Officeアプリの新UI「パーソナル ツールバー」を発表

「Office」アプリの新しいユーザーインターフェイス「パーソナル ツールバー」(Personal toolbar)

 「Microsoft Office」アプリの新しいユーザーインターフェイス「パーソナル ツールバー」(Personal toolbar)が発表された。
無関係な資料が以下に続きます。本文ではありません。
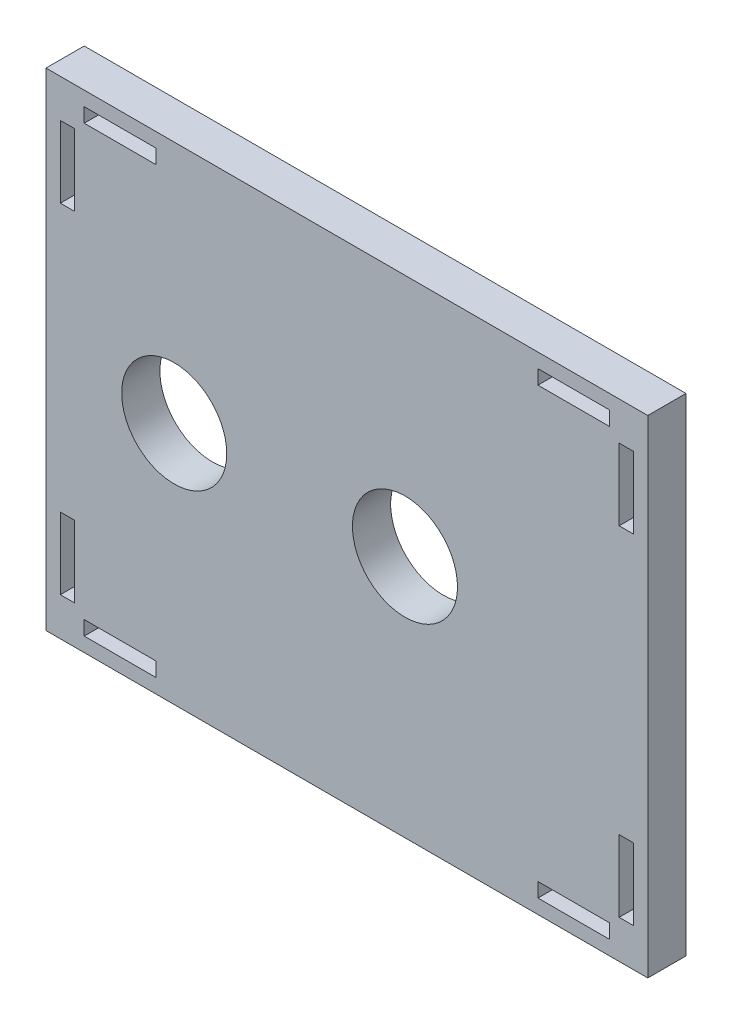
SolidWorks part; units mm, degrees
ref_plane "Front Plane" through (0, 0, 0) normal (0, 0, 1) x (1, 0, 0)
ref_plane "Top Plane" through (0, 0, 0) normal (0, 1, 0) x (1, 0, 0)
ref_plane "Right Plane" through (0, 0, 0) normal (1, 0, 0) x (0, 0, -1)
sketch "Sketch1" plane through (0, 0, 0) normal (0, 0, 1) x (1, 0, 0)
  line L0 (-48, -28) -> (-45, -28)
  line L1 (-51, 51) -> (75, 51)
  line L2 (-51, 51) -> (-51, -51)
  line L3 (-51, -51) -> (75, -51)
  line L4 (75, 51) -> (75, -51)
  line L5 (-48, 43) -> (-45, 43)
  line L6 (-48, 43) -> (-48, 28)
  line L7 (-48, 28) -> (-45, 28)
  line L8 (-45, 43) -> (-45, 28)
  line L9 (-48, 43) -> (-45, 28) construction
  line L10 (-48, 28) -> (-45, 43) construction
  line L11 (-48, -28) -> (-48, -43)
  line L12 (-48, -43) -> (-45, -43)
  line L13 (-45, -28) -> (-45, -43)
  line L14 (-48, -28) -> (-45, -43) construction
  line L15 (-48, -43) -> (-45, -28) construction
  line L16 (69, 43) -> (72, 43)
  line L17 (69, 43) -> (69, 28)
  line L18 (69, 28) -> (72, 28)
  line L19 (72, 43) -> (72, 28)
  line L20 (69, 43) -> (72, 28) construction
  line L21 (69, 28) -> (72, 43) construction
  line L22 (69, -28) -> (72, -28)
  line L23 (69, -28) -> (69, -43)
  line L24 (69, -43) -> (72, -43)
  line L25 (72, -28) -> (72, -43)
  line L26 (69, -28) -> (72, -43) construction
  line L27 (69, -43) -> (72, -28) construction
  line L29 (-43, 48) -> (-28, 48)
  line L30 (-43, 48) -> (-43, 45)
  line L31 (-43, 45) -> (-28, 45)
  line L32 (-28, 48) -> (-28, 45)
  line L33 (-43, 48) -> (-28, 45) construction
  line L34 (-43, 45) -> (-28, 48) construction
  line L35 (52, 48) -> (67, 48)
  line L36 (52, 48) -> (52, 45)
  line L37 (52, 45) -> (67, 45)
  line L38 (67, 48) -> (67, 45)
  line L39 (52, 48) -> (67, 45) construction
  line L40 (52, 45) -> (67, 48) construction
  line L41 (-43, -45) -> (-28, -45)
  line L42 (52, -45) -> (67, -45)
  line L43 (52, -45) -> (52, -48)
  line L44 (52, -48) -> (67, -48)
  line L45 (67, -45) -> (67, -48)
  line L46 (52, -45) -> (67, -48) construction
  line L47 (52, -48) -> (67, -45) construction
  line L48 (-43, -45) -> (-43, -48)
  line L49 (-43, -48) -> (-28, -48)
  line L50 (-28, -45) -> (-28, -48)
  line L51 (-43, -45) -> (-28, -48) construction
  line L52 (-43, -48) -> (-28, -45) construction
  circle A0 centre (-24.1573, 0) radius 11
  circle A1 centre (24.1573, 0) radius 11
  point P4 (-35.5, 46.5)
  point P6 (0, 0)
  point P14 (-46.5, -35.5)
  point P16 (-46.5, 35.5)
  point P25 (59.5, 46.5)
  point P30 (-35.5, -46.5)
  point P31 (59.5, -46.5)
  point P33 (70.5, 35.5)
  point P43 (70.5, -35.5)
extrude "Boss-Extrude1" add sketch "Sketch1" along normal blind 8

 「パーソナル ツールバー」はユーザーのコマンド履歴を元に、AIがそれぞれの使い方に適したカスタマイズツールバーを提案してくれる新機能。従来のリボン(クラシック リボン)とともに使えるよう設計されており、必要なときにクリックするだけでいつでも利用できる。また必要に応じて追加、削除、並び替えといったカスタムをユーザー側で行なうことも可能だ。

「Microsoft Teams」でのプレゼンを補助する「PowerPoint Live」機能を強化へ

「PowerPoint Live in Microsoft Teams」の機能強化を発表

 「Microsoft Teams」を使ったビデオ会議でのプレゼンテーションを補助する「PowerPoint Live in Microsoft Teams」の機能強化がアナウンスされた。

 一般提供が開始された「Cameo」(カメオ)機能を使うと、発表者はスライド内に形や場所を自由にレイアウトして、リアルタイムのカメラ映像を埋め込むことが可能。さらに近々、参加者が他の参加者の画面に影響を与えずにスライドを拡大表示できる「Magnifier」(拡大鏡)機能も利用できるようになるほか、発表者の音声を自動で字幕表示できるキャプション機能の追加や、スライドをハイコントラスト表示にする機能の改善も予定されている。

「Clipchamp」が「Microsoft 365」ファミリーに

「Clipchamp」

 無償のビデオ編集アプリ「Clipchamp」が「Microsoft 365」ファミリーに加わったことが発表された。「Microsoft 365」アプリケーション群に初めて、無償のビデオエディターが追加されることになる。

 「Clipchamp」は、Microsoftが最近買収したオンラインビデオ編集サービス。オンラインツールでありながら、プロ顔負けのビデオを製作できるのが特徴だ。今回の追加により、「Clipchamp」のプレミアム機能が「Microsoft 365 Personal」「Microsoft 365 Family」サブスクリプションに含まれることになる。

「Windows 365」アプリがパブリックプレビュー

「Windows 365」アプリのパブリックプレビューを発表

 「Windows 365」アプリのパブリックプレビューが発表された。

 「Windows 365」は、Microsoftのクラウドサービス「Azure」上で動作する、Windows 10/11仮想環境へのリモートアクセスが可能になるソリューション。今回パブリックプレビューされた「Windows 365」アプリは、このソリューションの専用クライアントだ。多要素認証(MFA)や「Microsoft Authenticator」アプリへの対応など、Webブラウザーやリモートデスクトップ接続クライアントを利用するのと比べてメリットがあるという。

「Microsoft Edge Workspaces」など「Microsoft Edge」の新機能を発表

新機能「Microsoft Edge Workspaces」

 Webブラウザー「Microsoft Edge」の新機能が発表された。

 ブラウジングタスクをワークスペースに参加するユーザー間で共有できるコラボレーション機能「Microsoft Edge Workspaces」、よく利用する・たまに利用するアプリを閲覧画面右側のバーに配置する「サイド バー」のほか、順次導入予定の新しいアクセシビリティ機能などがアナウンスされている。